Learning when to rank: Estimation of partial rankings from sparse, noisy comparisons
Sebastian Morel-Balbi, Alec Kirkley
TL;DR
The paper tackles ranking from sparse, noisy pairwise comparisons by introducing a principled Bayesian nonparametric framework that allows partial rankings (ties). It couples a flexible likelihood (BT-based) with a hierarchical prior over rank partitions, and implements a fast agglomerative MAP algorithm to infer partial rankings that are more parsimonious than full rankings when data are limited. Across synthetic and real datasets, the approach reveals regimes where partial rankings are advantageous and demonstrates its utility in a case study of CS faculty hiring, where elite-tier structures and mobility patterns emerge. The work provides a scalable alternative to full ranking models, with potential extensions to uncertainty quantification, dynamic rankings, and edge-structure modeling.
Abstract
Ranking items based on pairwise comparisons is common, from using match outcomes to rank sports teams to using purchase or survey data to rank consumer products.
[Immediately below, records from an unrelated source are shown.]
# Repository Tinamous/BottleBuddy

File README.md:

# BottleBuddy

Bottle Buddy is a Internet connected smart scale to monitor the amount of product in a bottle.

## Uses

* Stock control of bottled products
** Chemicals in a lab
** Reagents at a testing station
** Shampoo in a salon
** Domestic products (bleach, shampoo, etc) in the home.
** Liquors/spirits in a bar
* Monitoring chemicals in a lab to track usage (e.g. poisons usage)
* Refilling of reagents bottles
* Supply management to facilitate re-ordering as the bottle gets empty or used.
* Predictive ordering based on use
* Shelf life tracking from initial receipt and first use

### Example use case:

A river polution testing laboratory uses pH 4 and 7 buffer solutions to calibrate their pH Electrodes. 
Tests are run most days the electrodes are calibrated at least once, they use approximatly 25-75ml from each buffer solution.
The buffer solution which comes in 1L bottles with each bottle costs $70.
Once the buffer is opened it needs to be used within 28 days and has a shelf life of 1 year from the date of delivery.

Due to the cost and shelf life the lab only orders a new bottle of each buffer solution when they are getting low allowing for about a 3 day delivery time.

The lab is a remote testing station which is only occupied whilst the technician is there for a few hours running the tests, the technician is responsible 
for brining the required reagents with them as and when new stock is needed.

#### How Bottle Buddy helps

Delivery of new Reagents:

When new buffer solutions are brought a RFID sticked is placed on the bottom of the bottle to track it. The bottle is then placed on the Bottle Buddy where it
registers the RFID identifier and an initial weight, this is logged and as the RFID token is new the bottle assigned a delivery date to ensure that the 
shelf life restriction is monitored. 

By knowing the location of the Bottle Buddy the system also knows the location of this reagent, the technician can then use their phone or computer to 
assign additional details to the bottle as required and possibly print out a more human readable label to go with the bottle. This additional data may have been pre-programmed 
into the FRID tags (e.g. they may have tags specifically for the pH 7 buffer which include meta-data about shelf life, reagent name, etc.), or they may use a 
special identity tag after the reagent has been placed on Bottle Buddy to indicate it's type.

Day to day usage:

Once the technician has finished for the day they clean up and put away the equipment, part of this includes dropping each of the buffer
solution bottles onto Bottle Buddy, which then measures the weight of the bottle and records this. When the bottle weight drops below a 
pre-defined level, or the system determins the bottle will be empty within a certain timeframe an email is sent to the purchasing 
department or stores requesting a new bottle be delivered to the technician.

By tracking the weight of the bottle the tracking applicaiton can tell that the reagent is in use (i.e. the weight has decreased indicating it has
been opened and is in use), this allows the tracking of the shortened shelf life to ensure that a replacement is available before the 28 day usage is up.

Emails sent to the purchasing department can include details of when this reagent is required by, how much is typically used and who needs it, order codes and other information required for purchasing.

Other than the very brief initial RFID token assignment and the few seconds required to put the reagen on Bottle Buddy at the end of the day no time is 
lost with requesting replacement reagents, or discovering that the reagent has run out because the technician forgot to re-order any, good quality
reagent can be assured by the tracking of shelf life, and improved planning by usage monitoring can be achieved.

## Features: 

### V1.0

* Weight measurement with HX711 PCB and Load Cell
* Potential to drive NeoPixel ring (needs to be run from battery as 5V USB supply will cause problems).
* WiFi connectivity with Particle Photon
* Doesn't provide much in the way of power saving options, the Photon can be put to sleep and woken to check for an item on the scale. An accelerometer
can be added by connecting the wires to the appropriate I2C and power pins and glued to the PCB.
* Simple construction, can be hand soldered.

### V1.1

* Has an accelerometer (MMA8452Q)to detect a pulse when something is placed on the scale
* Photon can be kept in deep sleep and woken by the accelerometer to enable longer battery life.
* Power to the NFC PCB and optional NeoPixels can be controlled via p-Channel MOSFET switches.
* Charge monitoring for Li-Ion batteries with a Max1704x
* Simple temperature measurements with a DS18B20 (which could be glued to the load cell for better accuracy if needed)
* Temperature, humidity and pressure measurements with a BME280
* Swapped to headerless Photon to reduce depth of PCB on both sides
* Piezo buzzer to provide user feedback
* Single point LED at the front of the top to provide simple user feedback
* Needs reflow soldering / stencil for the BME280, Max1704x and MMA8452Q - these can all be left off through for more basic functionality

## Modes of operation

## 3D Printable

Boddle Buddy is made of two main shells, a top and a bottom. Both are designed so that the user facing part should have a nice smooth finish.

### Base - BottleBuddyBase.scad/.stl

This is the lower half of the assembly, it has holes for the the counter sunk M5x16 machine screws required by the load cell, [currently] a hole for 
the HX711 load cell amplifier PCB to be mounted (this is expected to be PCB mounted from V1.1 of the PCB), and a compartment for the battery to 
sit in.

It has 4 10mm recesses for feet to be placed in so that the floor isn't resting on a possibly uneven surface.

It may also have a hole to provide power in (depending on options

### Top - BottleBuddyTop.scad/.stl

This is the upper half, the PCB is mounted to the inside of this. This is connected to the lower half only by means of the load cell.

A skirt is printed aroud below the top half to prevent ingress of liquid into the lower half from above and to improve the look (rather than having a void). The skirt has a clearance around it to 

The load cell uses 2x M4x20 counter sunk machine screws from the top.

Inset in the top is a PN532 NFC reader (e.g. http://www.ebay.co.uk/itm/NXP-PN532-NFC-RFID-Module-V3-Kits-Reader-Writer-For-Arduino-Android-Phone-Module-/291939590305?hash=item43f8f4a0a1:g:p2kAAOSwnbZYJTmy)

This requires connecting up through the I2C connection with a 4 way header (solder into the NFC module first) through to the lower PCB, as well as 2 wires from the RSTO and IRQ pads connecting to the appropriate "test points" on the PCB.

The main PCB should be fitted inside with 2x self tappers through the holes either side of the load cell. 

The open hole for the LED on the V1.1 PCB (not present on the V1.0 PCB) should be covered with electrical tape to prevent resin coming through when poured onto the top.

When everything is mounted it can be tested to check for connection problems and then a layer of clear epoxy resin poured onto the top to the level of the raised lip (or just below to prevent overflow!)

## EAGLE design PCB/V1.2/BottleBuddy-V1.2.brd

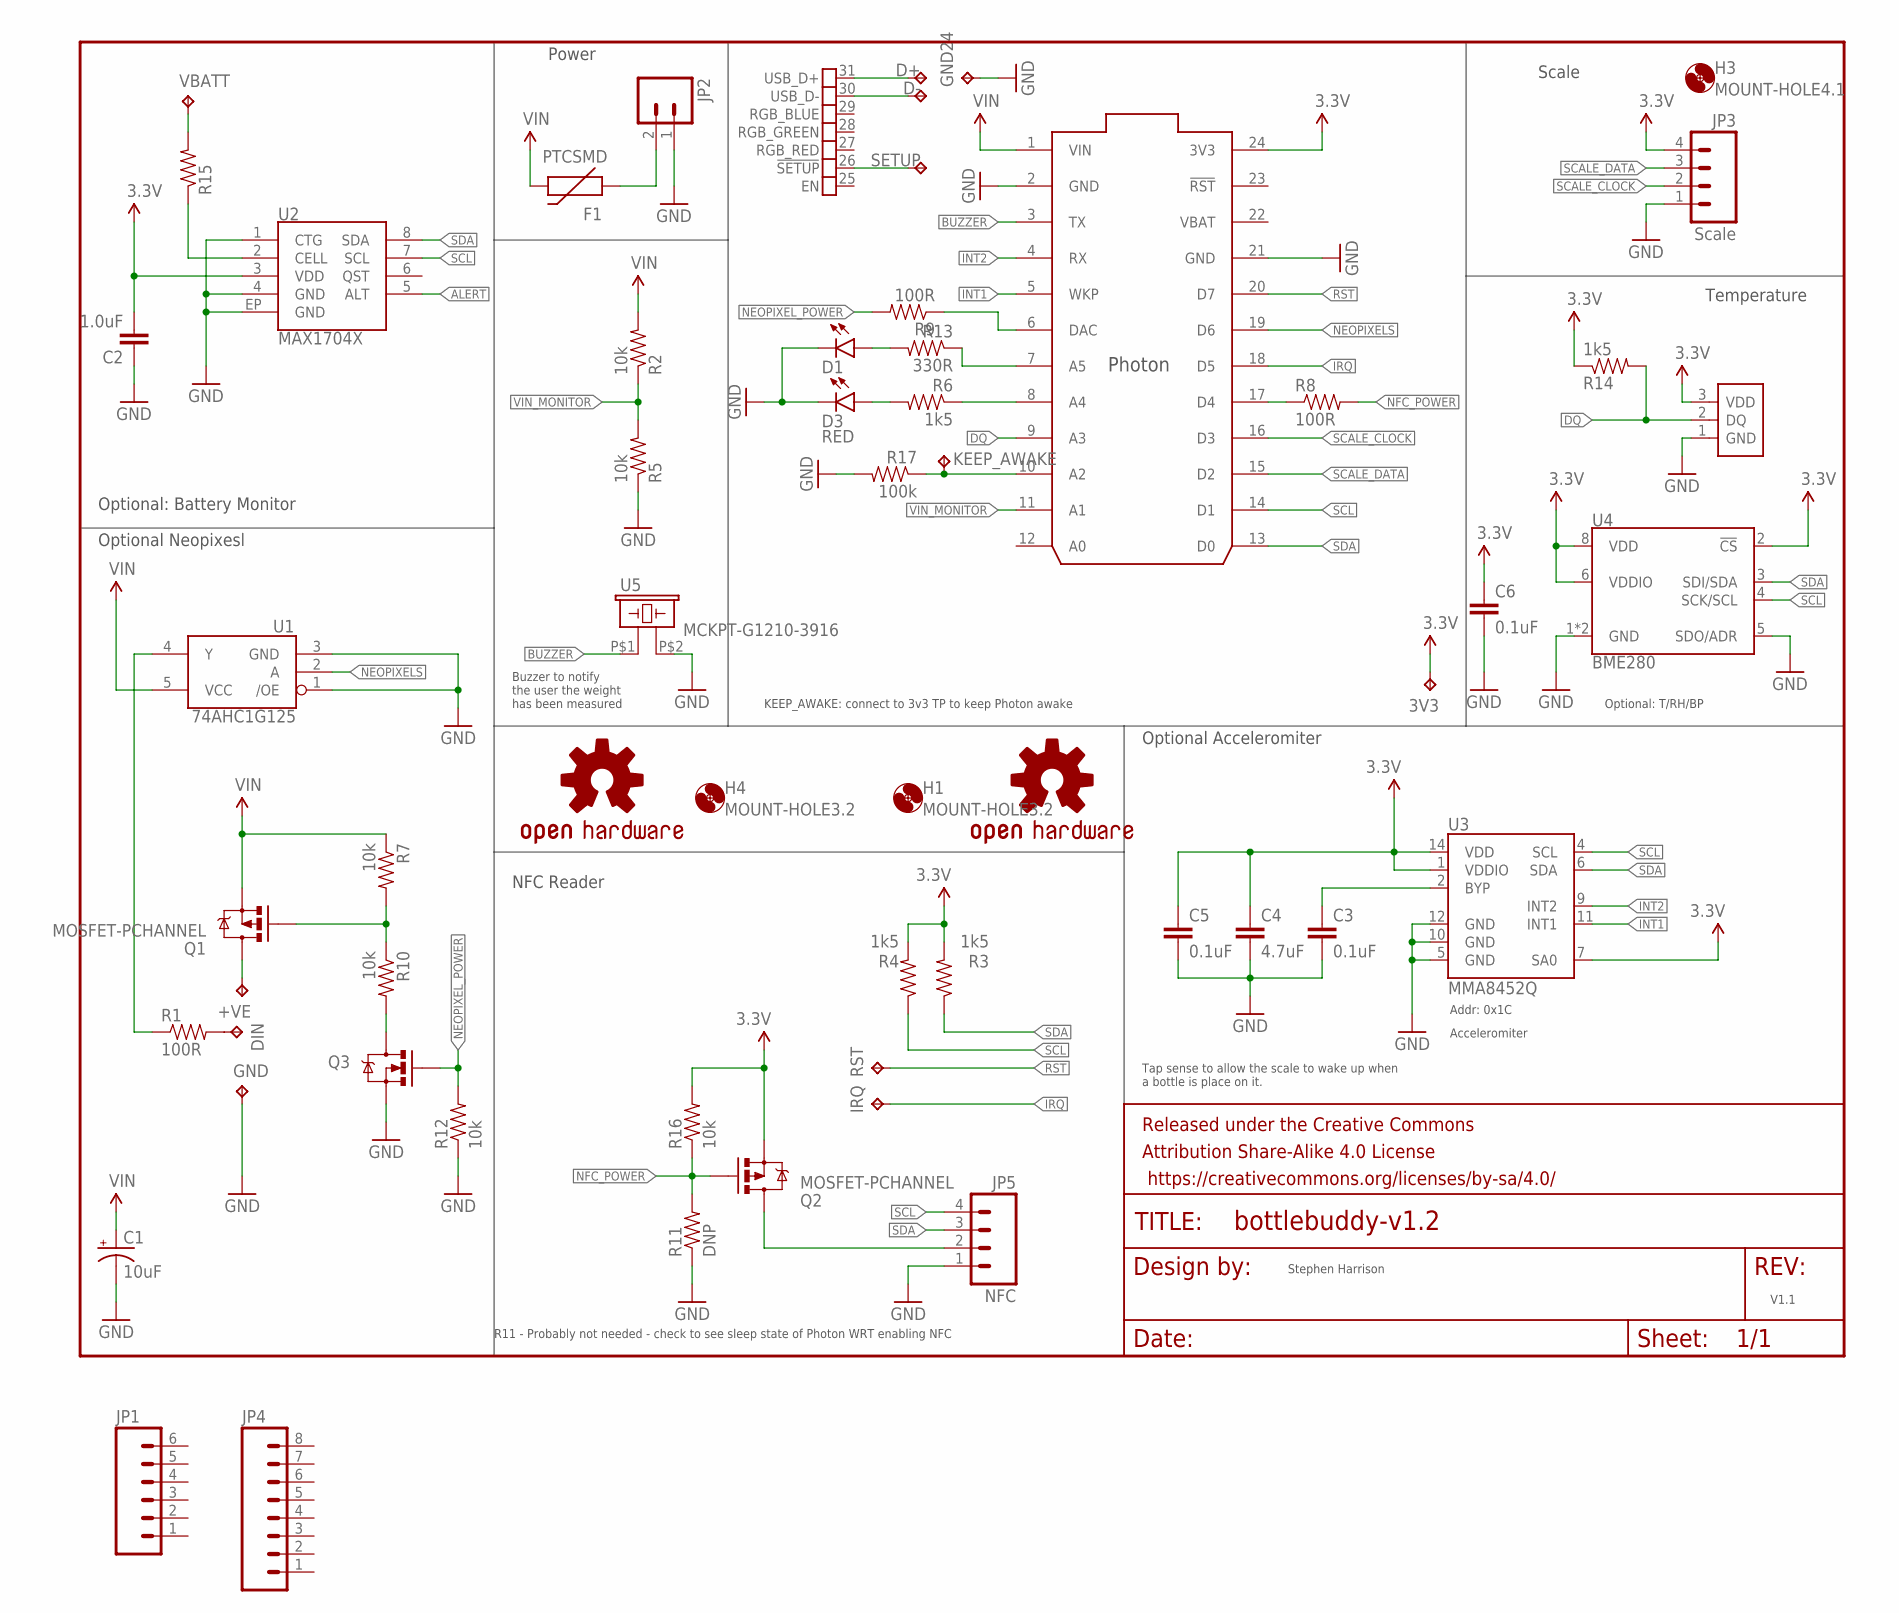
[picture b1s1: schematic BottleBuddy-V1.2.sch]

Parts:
3V3: TPTP20R; TP20R
+VE: TPTP20R; TP20R
C1: 10uF; EIA3216
C2: 1.0uF; 0805-CAP
C3, C5, C6: 0.1uF; 0805
C4: 4.7uF; 0805
D1: LED1206-BOTTOM; LED-1206-BOTTOM
D3: RED; LED-1206
D+: TPTP20R; TP20R
D-: TPTP20R; TP20R
DIN: TPTP20R; TP20R
F1: PTCSMD; PTC-1206
FRAME1: FRAME-LETTER; CREATIVE_COMMONS
GND, GND24: TPTP20R; TP20R
H1, H4: MOUNT-HOLE3.2; 3,2
H3: MOUNT-HOLE4.1; 4,1
IRQ: NFC IRQ; TP20R
JP1: M06SILK_FEMALE_PTH; 1X06
JP2: M02-JST-2MM-SMT; JST-2-SMD
JP3: Scale; 1X04
JP4: M08SILK_FEMALE_PTH; 1X08
JP5: NFC; 1X04
KEEP_AWAKE: TPTP20R; TP20R
LOGO1, LOGO2: OSHW-LOGOL; OSHW-LOGO-L
Q1, Q2: MOSFET-PCHANNEL; SOT23-3
Q3: 200mA/50V; SOT23-3
R1, R8, R9: 100R; 1206
R2, R5, R7, R10, R12, R16: 10k; 1206
R3, R4, R6, R14: 1k5; 1206
R11: DNP; 1206
R13: 330R; 1206
R15: RESISTOR1206; 1206
R17: 100k; 1206
RST: TPTP20R; TP20R
S1: SENSOR-DS18B20; TO-92-TRIANGLE
SETUP: TPTP20R; TP20R
U1: 74AHC1G125; SOT23-5
U2: MAX1704X; TDFN-8
U3: MMA8452Q; QFN-16_0.5MM
U4: BME280; LGA-8-2.5X2.5
U5: MCKPT-G1210-3916; BUZZER-12MM
U$1: PHOTON_SMD
VBATT: TPTP20R; TP20R

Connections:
3.3V: 3V3.TP, C2.2, C4.1, C5.1, C6.1, JP3.4, Q2.2 (S), R3.2, R4.2, R14.1, R16.2, S1.3 (VDD), U2.3 (VDD), U3.1 (VDDIO), U3.7 (SA0), U3.14 (VDD), U4.2 (!CS), U4.6 (VDDIO), U4.8 (VDD), U$1.24 (3V3)
ALERT: U2.5 (ALT)
BUZZER: U5.P$1 (1), U$1.3 (TX)
DQ: R14.2, S1.2 (DQ), U$1.9 (A3)
GND: C1.C (-), C2.1, C3.2, C4.2, C5.2, C6.2, D1.C, D3.C, GND.TP, GND24.TP, JP2.1 (2), JP3.1, JP5.1, Q3.2 (S), R5.1, R11.1, R12.1, R17.2, S1.1 (GND), U1.1 (/OE), U1.3 (GND), U2.1 (CTG), U2.4 (GND), U2.EP (GND), U3.5 (GND), U3.10 (GND), U3.12 (GND), U4.1 (GND), U4.5 (SDO/ADR), U4.7 (GND), U5.P$2 (2), U$1.2 (GND), U$1.21 (GND)
INT1: U3.11 (INT1), U$1.5 (WKP)
INT2: U3.9 (INT2), U$1.4 (RX)
IRQ: IRQ.TP, U$1.18 (D5)
unnamed: Q1.1 (G), R7.2, R10.1
unnamed: F1.1, JP2.2 (1)
unnamed: Q3.3 (D), R10.2
unnamed: JP5.2, Q2.3 (D)
unnamed: R9.1, U$1.6 (DAC)
unnamed: +VE.TP, Q1.3 (D)
unnamed: R8.1, U$1.17 (D4)
unnamed: R6.1, U$1.8 (A4)
unnamed: D1.A, R13.2
unnamed: R13.1, U$1.7 (A5)
unnamed: R15.2, VBATT.TP
unnamed: KEEP_AWAKE.TP, R17.1, U$1.10 (A2)
unnamed: D3.A, R6.2
unnamed: DIN.TP, R1.2
unnamed: R15.1, U2.2 (CELL)
unnamed: R1.1, U1.4 (Y)
unnamed: D+.TP, U$1.31 (USB_D+)
unnamed: C3.1, U3.2 (BYP)
unnamed: D-.TP, U$1.30 (USB_D-)
NEOPIXELS: U1.2 (A), U$1.19 (D6)
NEOPIXEL_POWER: Q3.1 (G), R9.2, R12.2
NFC_POWER: Q2.1 (G), R8.2, R11.2, R16.1
RST: RST.TP, U$1.20 (D7)
SCALE_CLOCK: JP3.2, U$1.16 (D3)
SCALE_DATA: JP3.3, U$1.15 (D2)
SCL: JP5.4, R4.1, U2.7 (SCL), U3.4 (SCL), U4.4 (SCK/SCL), U$1.14 (D1)
SDA: JP5.3, R3.1, U2.8 (SDA), U3.6 (SDA), U4.3 (SDI/SDA), U$1.13 (D0)
SETUP: SETUP.TP, U$1.26 (!SETUP)
VBAT: U$1.22 (VBAT)
VIN: C1.A (+), F1.2, Q1.2 (S), R2.2, R7.1, U1.5 (VCC), U$1.1 (VIN)
VIN_MONITOR: R2.1, R5.2, U$1.11 (A1)

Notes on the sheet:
Addr: 0x1C
Acceleromiter
R11 - Probably not needed - check to see sleep state of Photon WRT enabling NFC
Optional Neopixesl
NFC Reader
Optional Acceleromiter
Temperature
Scale
Power
Optional: Battery Monitor
Optional: T/RH/BP
Tap sense to allow the scale to wake up when a bottle is place on it.
Buzzer to notify the user the weight has been measured
KEEP_AWAKE: connect to 3v3 TP to keep Photon awake
Stephen Harrison
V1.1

Statistical inference-based methods such as the Bradley-Terry model, which extract rankings based on an underlying generative model, have emerged as flexible and powerful tools to tackle ranking in empirical data. In situations with limited and/or noisy comparisons, it is often challenging to confidently distinguish the performance of different items based on the evidence available in the data. However, most inference-based ranking methods choose to assign each item to a unique rank or score, suggesting a meaningful distinction when there is none. Here, we develop a principled nonparametric Bayesian method, adaptable to any statistical ranking method, for learning partial rankings (rankings with ties) that distinguishes among the ranks of different items only when there is sufficient evidence available in the data. We develop a fast agglomerative algorithm to perform Maximum A Posteriori (MAP) inference of partial rankings under our framework and examine the performance of our method on a variety of real and synthetic network datasets, finding that it frequently gives a more parsimonious summary of the data than traditional ranking, particularly when observations are sparse.